Speaker
Description
Quasi-elastic neutron scattering (QENS) allows to probe with a high energy resolution the total scattering function as a function of energy and momentum transfer $\hbar\omega$ and $q$, respectively. Classical QENS spectra are often captured with quasi-continuous energy transfers with acquisition times of several hours. Since the spectrometers are constantly upgraded, new measurement techniques are available. The possibility to move the monochromator in a neutron backscattering spectrometer with a constant velocity allows to probe the scattering function at a specified energy transfer. In principle, such measurements were possible also previously by changing the monochromator temperature, which however requires more time. These fixed window scans (FWS) result in high quality data with acquisition times of only a fraction of the one necessary for full QENS spectra.

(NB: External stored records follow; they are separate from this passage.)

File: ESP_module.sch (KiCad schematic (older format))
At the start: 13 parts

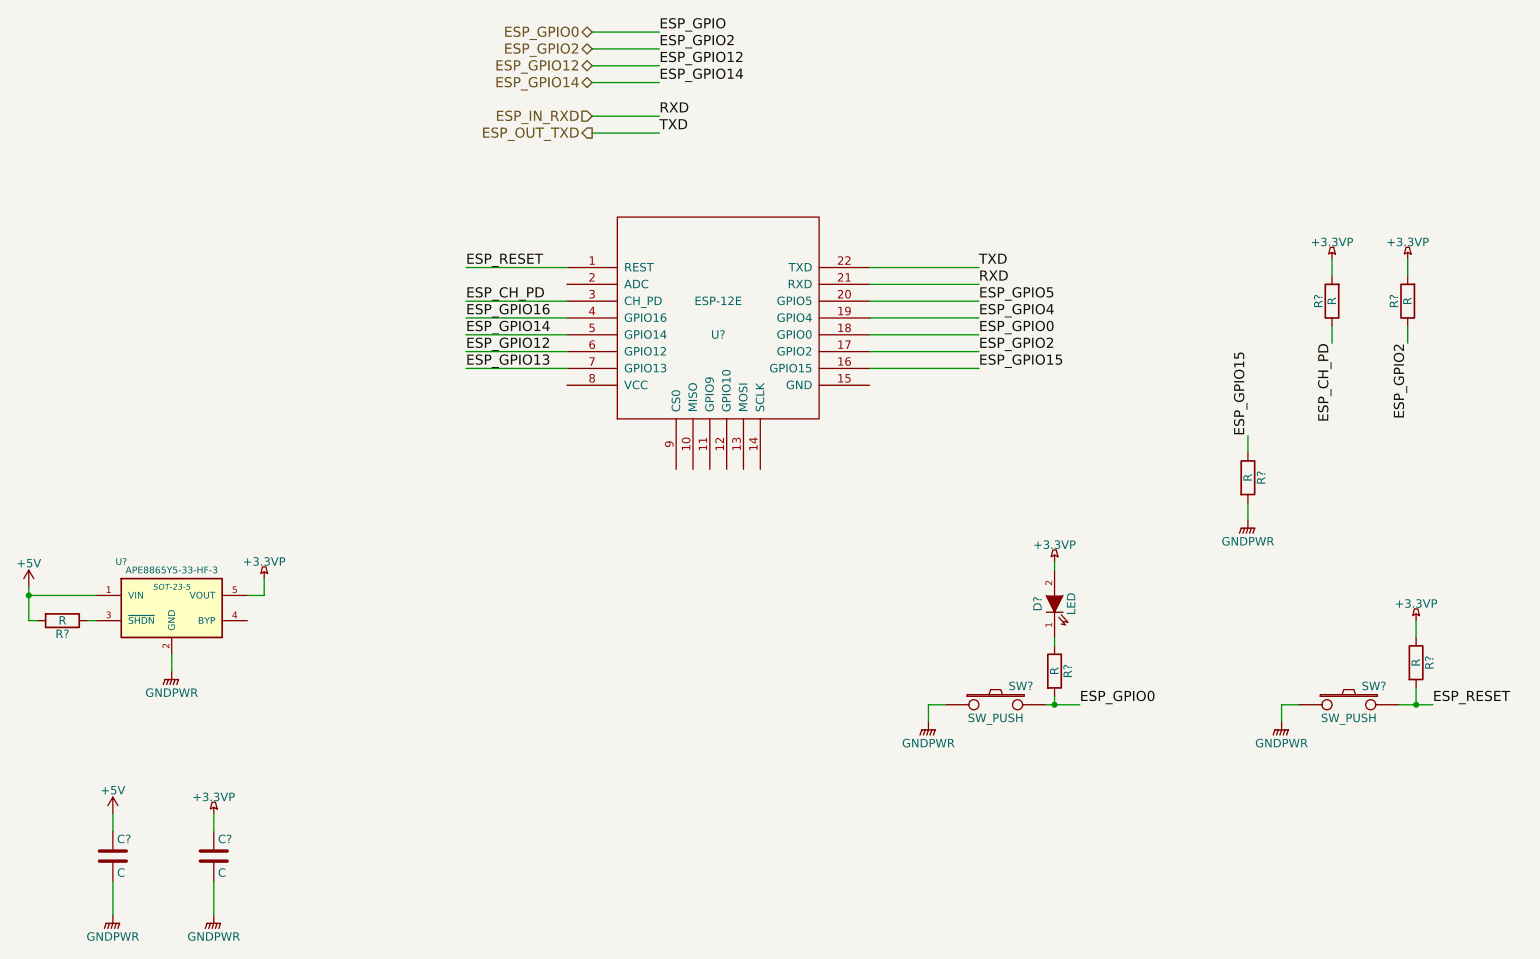
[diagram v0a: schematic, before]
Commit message: Started adding component values and tidying up
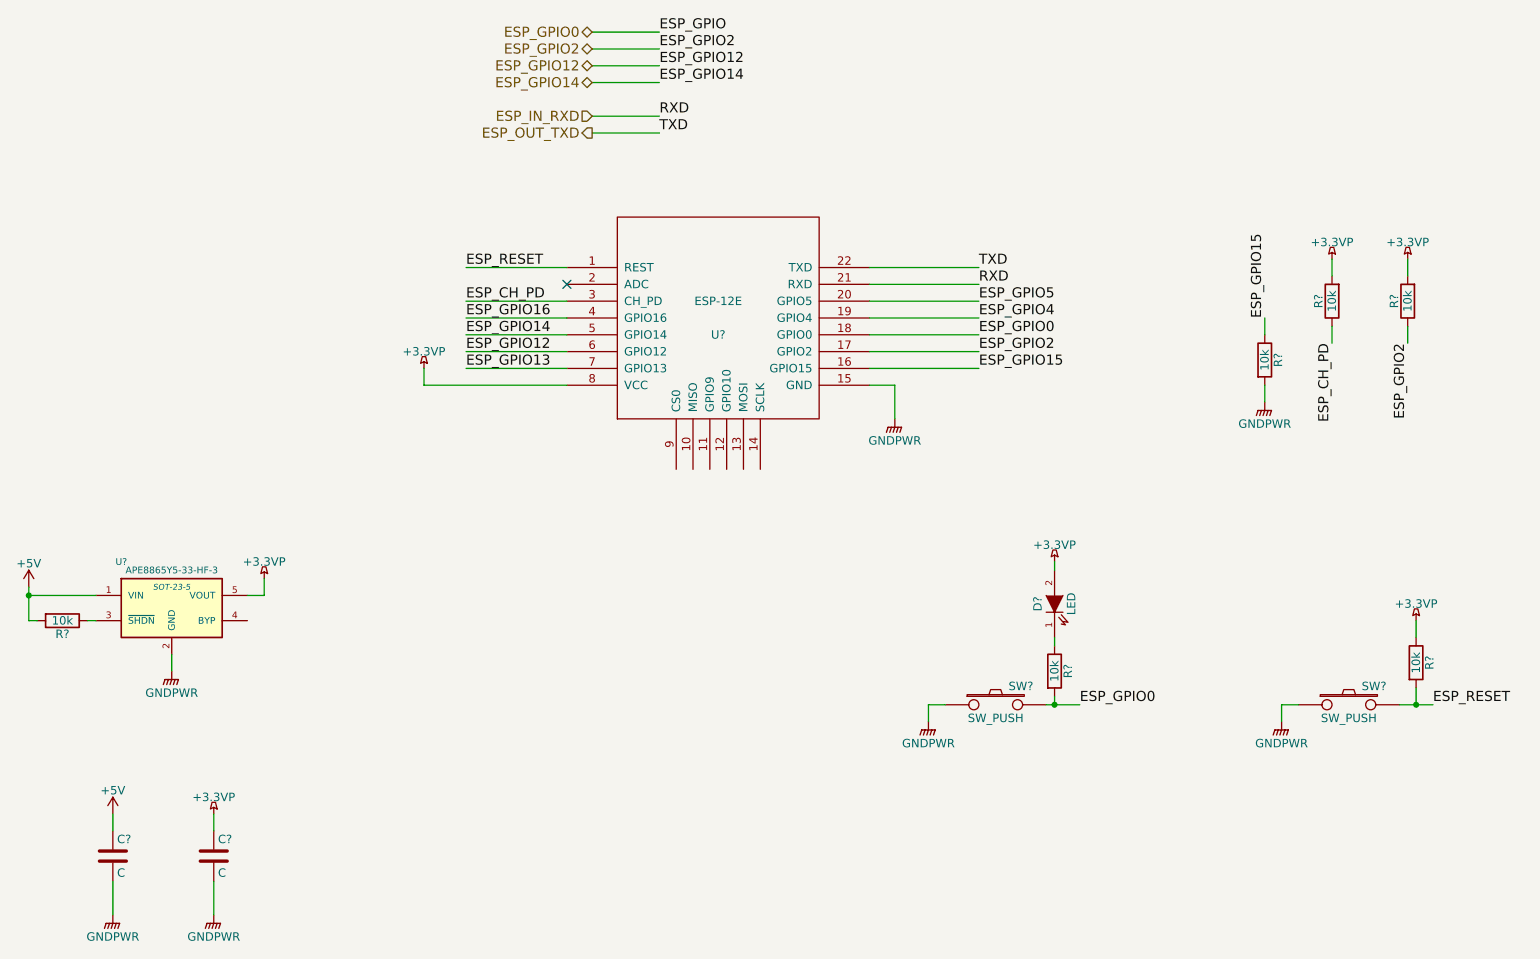
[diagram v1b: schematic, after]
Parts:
- R? (x6): value R -> 10k
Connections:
- net +3.3VP: now also U?.8 (VCC)
- net GNDPWR: now also U?.15 (GND)
- no-connect marks 0 -> 1
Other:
- moved on the sheet: R?
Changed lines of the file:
@@
 P 2150 4450
 F 0 "R?" V 2230 4450 50  0000 C CNN
-F 1 "R" V 2150 4450 50  0000 C CNN
+F 1 "10k" V 2150 4450 50  0000 C CNN
 F 2 "" V 2080 4450 30  0000 C CNN
 F 3 "" H 2150 4450 30  0000 C CNN
@@
 L R R?
 U 1 1 5640085C
-P 9200 3600
-F 0 "R?" V 9280 3600 50  0000 C CNN
-F 1 "R" V 9200 3600 50  0000 C CNN
-F 2 "" V 9130 3600 30  0000 C CNN
-F 3 "" H 9200 3600 30  0000 C CNN
-	1    9200 3600
+P 9300 2900
+F 0 "R?" V 9380 2900 50  0000 C CNN
+F 1 "10k" V 9300 2900 50  0000 C CNN
+F 2 "" V 9230 2900 30  0000 C CNN
+F 3 "" H 9300 2900 30  0000 C CNN
+	1    9300 2900
 	1    0    0    -1
 $EndComp
@@
 L GNDPWR #PWR?
 U 1 1 5640091B
-P 9200 3850
-F 0 "#PWR?" H 9200 3650 50  0001 C CNN
-F 1 "GNDPWR" H 9200 3720 50  0000 C CNN
-F 2 "" H 9200 3800 60  0000 C CNN
-F 3 "" H 9200 3800 60  0000 C CNN
-	1    9200 3850
-	1    0    0    -1
-$EndComp
-Wire Wire Line
-	9200 3750 9200 3850
+P 9300 3150
+F 0 "#PWR?" H 9300 2950 50  0001 C CNN
+F 1 "GNDPWR" H 9300 3020 50  0000 C CNN
+F 2 "" H 9300 3100 60  0000 C CNN
+F 3 "" H 9300 3100 60  0000 C CNN
+	1    9300 3150
+	1    0    0    -1
+$EndComp
+Wire Wire Line
+	9300 3050 9300 3150
 Text Label 7600 2950 0    60   ~ 0
 ESP_GPIO15
 Wire Wire Line
 	6950 2950 7600 2950
-Text Label 9200 3350 1    60   ~ 0
+Text Label 9300 2650 1    60   ~ 0
 ESP_GPIO15
 Wire Wire Line
-	9200 3350 9200 3450
+	9300 2650 9300 2750
 Text Label 4550 2550 0    60   ~ 0
 ESP_CH_PD
@@
 P 9700 2550
 F 0 "R?" V 9780 2550 50  0000 C CNN
-F 1 "R" V 9700 2550 50  0000 C CNN
+F 1 "10k" V 9700 2550 50  0000 C CNN
 F 2 "" V 9630 2550 30  0000 C CNN
 F 3 "" H 9700 2550 30  0000 C CNN
@@
 P 10150 2550
 F 0 "R?" V 10230 2550 50  0000 C CNN
-F 1 "R" V 10150 2550 50  0000 C CNN
+F 1 "10k" V 10150 2550 50  0000 C CNN
 F 2 "" V 10080 2550 30  0000 C CNN
 F 3 "" H 10150 2550 30  0000 C CNN
@@
 P 10200 4700
 F 0 "R?" V 10280 4700 50  0000 C CNN
-F 1 "R" V 10200 4700 50  0000 C CNN
+F 1 "10k" V 10200 4700 50  0000 C CNN
 F 2 "" V 10130 4700 30  0000 C CNN
 F 3 "" H 10200 4700 30  0000 C CNN
@@
 P 8050 4750
 F 0 "R?" V 8130 4750 50  0000 C CNN
-F 1 "R" V 8050 4750 50  0000 C CNN
+F 1 "10k" V 8050 4750 50  0000 C CNN
 F 2 "" V 7980 4750 30  0000 C CNN
 F 3 "" H 8050 4750 30  0000 C CNN
@@
 Wire Wire Line
 	5300 1550 5700 1550
+$Comp
+L +3.3VP #PWR?
+U 1 1 5641AB1C
+P 4300 2950
+F 0 "#PWR?" H 4450 2900 50  0001 C CNN
+F 1 "+3.3VP" H 4300 3050 50  0000 C CNN
+F 2 "" H 4300 2950 60  0000 C CNN
+F 3 "" H 4300 2950 60  0000 C CNN
+	1    4300 2950
+	1    0    0    -1
+$EndComp
+Wire Wire Line
+	4300 2950 4300 3050
+Wire Wire Line
+	4300 3050 5150 3050
+$Comp
+L GNDPWR #PWR?
+U 1 1 5641AB8B
+P 7100 3250
+F 0 "#PWR?" H 7100 3050 50  0001 C CNN
+F 1 "GNDPWR" H 7100 3120 50  0000 C CNN
+F 2 "" H 7100 3200 60  0000 C CNN
+F 3 "" H 7100 3200 60  0000 C CNN
+	1    7100 3250
+	1    0    0    -1
+$EndComp
+Wire Wire Line
+	6950 3050 7100 3050
+Wire Wire Line
+	7100 3050 7100 3250
+NoConn ~ 5150 2450
 $EndSCHEMATC

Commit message: added component values and most packages. Still missing micro usb
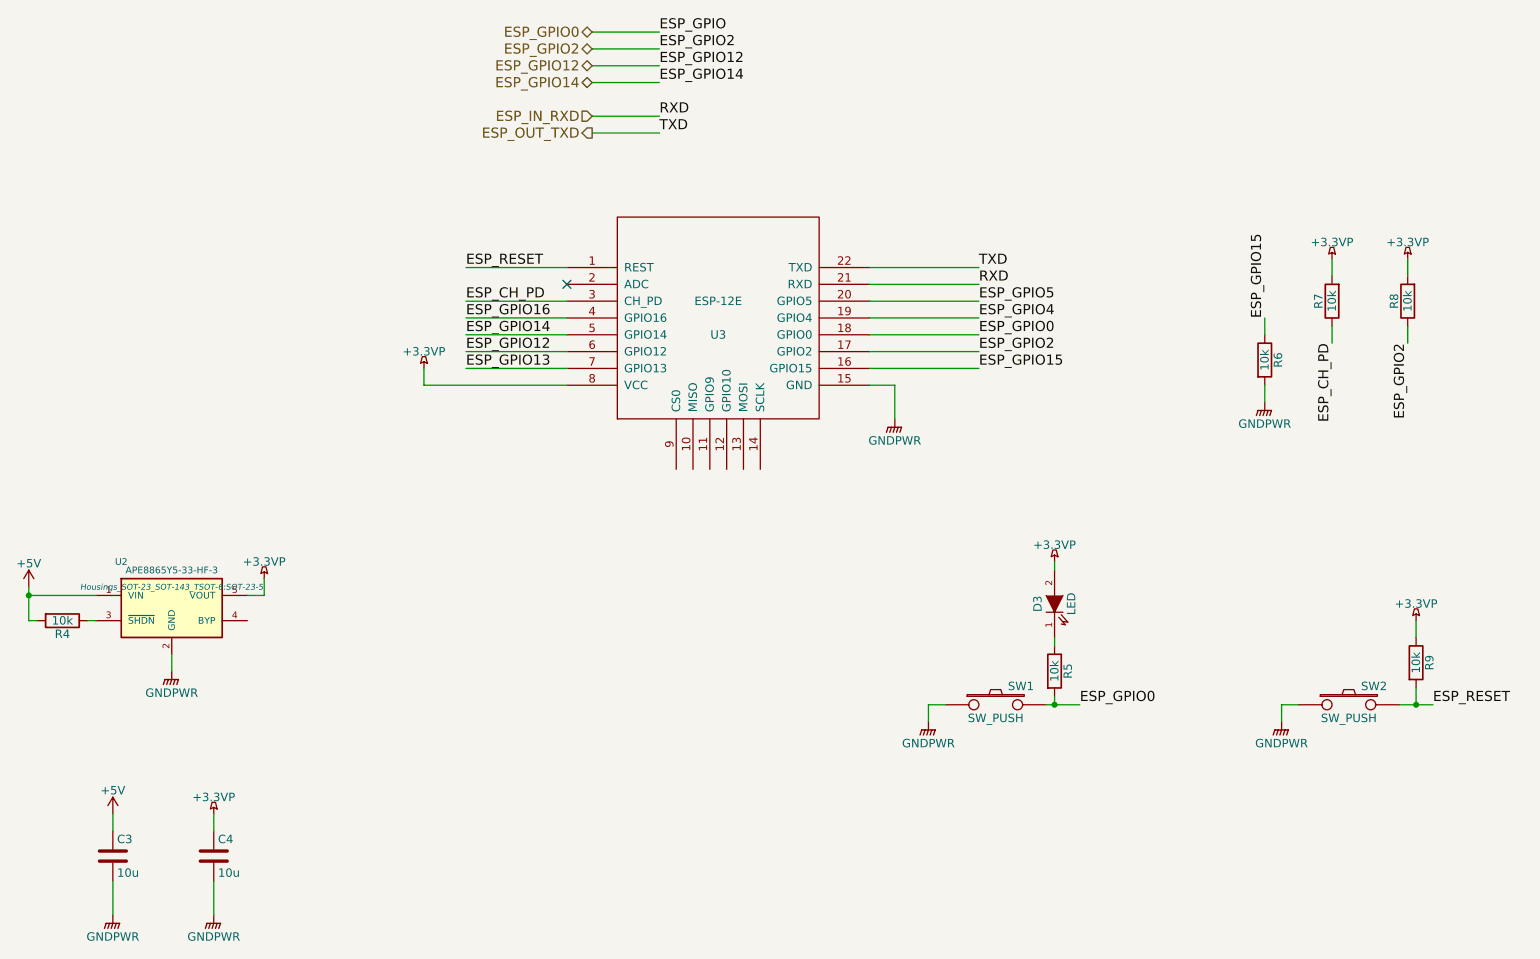
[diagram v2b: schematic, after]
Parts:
- C3, C4: renamed from C?; value C -> 10u; footprint (none) -> Resistors_SMD:R_0603_HandSoldering
- D3: renamed from D?; footprint (none) -> Resistors_SMD:R_0805_HandSoldering
- R4, R5, R6, R7, R8, R9: renamed from R?; footprint (none) -> Resistors_SMD:R_0805_HandSoldering
- SW1, SW2: renamed from SW?; footprint (none) -> Buttons_Switches_SMD:SW_SPST_EVQP2
- U2: renamed from U?; footprint SOT-23-5 -> Housings_SOT-23_SOT-143_TSOT-6:SOT-23-5
- U3: renamed from U?; footprint (none) -> ESP8266:ESP-12E
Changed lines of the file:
@@
 $EndDescr
 $Comp
-L ESP-12E U?
+L ESP-12E U3
 U 1 1 5640040A
 P 6050 2650
-F 0 "U?" H 6050 2550 50  0000 C CNN
+F 0 "U3" H 6050 2550 50  0000 C CNN
 F 1 "ESP-12E" H 6050 2750 50  0000 C CNN
-F 2 "" H 6050 2650 50  0001 C CNN
+F 2 "ESP8266:ESP-12E" H 6050 2650 50  0001 C CNN
 F 3 "" H 6050 2650 50  0001 C CNN
 	1    6050 2650
@@
 $EndComp
 $Comp
-L SW_PUSH SW?
+L SW_PUSH SW2
 U 1 1 5640045D
 P 9800 4950
-F 0 "SW?" H 9950 5060 50  0000 C CNN
+F 0 "SW2" H 9950 5060 50  0000 C CNN
 F 1 "SW_PUSH" H 9800 4870 50  0000 C CNN
-F 2 "" H 9800 4950 60  0000 C CNN
+F 2 "Buttons_Switches_SMD:SW_SPST_EVQP2" H 9800 4950 60  0001 C CNN
 F 3 "" H 9800 4950 60  0000 C CNN
 	1    9800 4950
@@
 $EndComp
 $Comp
-L R R?
+L R R4
 U 1 1 564004F5
 P 2150 4450
-F 0 "R?" V 2230 4450 50  0000 C CNN
+F 0 "R4" V 2230 4450 50  0000 C CNN
 F 1 "10k" V 2150 4450 50  0000 C CNN
-F 2 "" V 2080 4450 30  0000 C CNN
+F 2 "Resistors_SMD:R_0805_HandSoldering" V 2080 4450 30  0001 C CNN
 F 3 "" H 2150 4450 30  0000 C CNN
 	1    2150 4450
@@
 $EndComp
 $Comp
-L C C?
+L C C4
 U 1 1 5640053C
 P 3050 5850
-F 0 "C?" H 3075 5950 50  0000 L CNN
-F 1 "C" H 3075 5750 50  0000 L CNN
-F 2 "" H 3088 5700 30  0000 C CNN
+F 0 "C4" H 3075 5950 50  0000 L CNN
+F 1 "10u" H 3075 5750 50  0000 L CNN
+F 2 "Resistors_SMD:R_0603_HandSoldering" H 3088 5700 30  0001 C CNN
 F 3 "" H 3050 5850 60  0000 C CNN
 	1    3050 5850
@@
 $EndComp
 $Comp
-L APE8865Y5-33-HF-3 U?
+L APE8865Y5-33-HF-3 U2
 U 1 1 5640064F
 P 2800 4350
-F 0 "U?" H 2500 4600 40  0000 C CNN
+F 0 "U2" H 2500 4600 40  0000 C CNN
 F 1 "APE8865Y5-33-HF-3" H 2800 4550 40  0000 C CNN
-F 2 "SOT-23-5" H 2800 4450 35  0000 C CIN
+F 2 "Housings_SOT-23_SOT-143_TSOT-6:SOT-23-5" H 2800 4450 35  0000 C CIN
 F 3 "" H 2800 4350 60  0000 C CNN
 	1    2800 4350
@@
 $EndComp
 $Comp
-L LED D?
+L LED D3
 U 1 1 56400825
 P 8050 4350
-F 0 "D?" H 8050 4450 50  0000 C CNN
+F 0 "D3" H 8050 4450 50  0000 C CNN
 F 1 "LED" H 8050 4250 50  0000 C CNN
-F 2 "" H 8050 4350 60  0000 C CNN
+F 2 "Resistors_SMD:R_0805_HandSoldering" H 8050 4350 60  0001 C CNN
 F 3 "" H 8050 4350 60  0000 C CNN
 	1    8050 4350
@@
 $EndComp
 $Comp
-L R R?
+L R R6
 U 1 1 5640085C
 P 9300 2900
-F 0 "R?" V 9380 2900 50  0000 C CNN
+F 0 "R6" V 9380 2900 50  0000 C CNN
 F 1 "10k" V 9300 2900 50  0000 C CNN
-F 2 "" V 9230 2900 30  0000 C CNN
+F 2 "Resistors_SMD:R_0805_HandSoldering" V 9230 2900 30  0001 C CNN
 F 3 "" H 9300 2900 30  0000 C CNN
 	1    9300 2900
@@
 $EndComp
 $Comp
-L GNDPWR #PWR?
+L GNDPWR #PWR08
 U 1 1 5640091B
 P 9300 3150
-F 0 "#PWR?" H 9300 2950 50  0001 C CNN
+F 0 "#PWR08" H 9300 2950 50  0001 C CNN
 F 1 "GNDPWR" H 9300 3020 50  0000 C CNN
 F 2 "" H 9300 3100 60  0000 C CNN
@@
 	4550 2550 5150 2550
 $Comp
-L R R?
+L R R7
 U 1 1 56400A52
 P 9700 2550
-F 0 "R?" V 9780 2550 50  0000 C CNN
+F 0 "R7" V 9780 2550 50  0000 C CNN
 F 1 "10k" V 9700 2550 50  0000 C CNN
-F 2 "" V 9630 2550 30  0000 C CNN
+F 2 "Resistors_SMD:R_0805_HandSoldering" V 9630 2550 30  0001 C CNN
 F 3 "" H 9700 2550 30  0000 C CNN
 	1    9700 2550
@@
 	9700 2800 9700 2700
 $Comp
-L +3.3VP #PWR?
+L +3.3VP #PWR09
 U 1 1 56400B94
 P 3350 4200
-F 0 "#PWR?" H 3500 4150 50  0001 C CNN
+F 0 "#PWR09" H 3500 4150 50  0001 C CNN
 F 1 "+3.3VP" H 3350 4300 50  0000 C CNN
 F 2 "" H 3350 4200 60  0000 C CNN
@@
 	3350 4300 3250 4300
 $Comp
-L +3.3VP #PWR?
+L +3.3VP #PWR010
 U 1 1 56400CFC
 P 9700 2300
-F 0 "#PWR?" H 9850 2250 50  0001 C CNN
+F 0 "#PWR010" H 9850 2250 50  0001 C CNN
 F 1 "+3.3VP" H 9700 2400 50  0000 C CNN
 F 2 "" H 9700 2300 60  0000 C CNN
@@
 $EndComp
 $Comp
-L R R?
+L R R8
 U 1 1 56400DD6
 P 10150 2550
-F 0 "R?" V 10230 2550 50  0000 C CNN
+F 0 "R8" V 10230 2550 50  0000 C CNN
 F 1 "10k" V 10150 2550 50  0000 C CNN
-F 2 "" V 10080 2550 30  0000 C CNN
+F 2 "Resistors_SMD:R_0805_HandSoldering" V 10080 2550 30  0001 C CNN
 F 3 "" H 10150 2550 30  0000 C CNN
 	1    10150 2550
@@
 	10150 2800 10150 2700
 $Comp
-L +3.3VP #PWR?
+L +3.3VP #PWR011
 U 1 1 56400DDF
 P 10150 2300
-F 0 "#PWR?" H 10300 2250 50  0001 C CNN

However, since only discrete energy transfers are available, the established approach, based on analyzing the energy dependence for each momentum transfer $q$ individually, does fail. Here, we present new analysis frameworks for the FWS overcoming the mentioned limitations by combining different energy transfers. By including data from the new installed diffraction data, we have developed an approach determining the volume fraction of the solutes based on the data collected. The combination of this knowledge with established analysis frameworks allows to automatize the analysis frameworks and reduce the input parameters nedeed.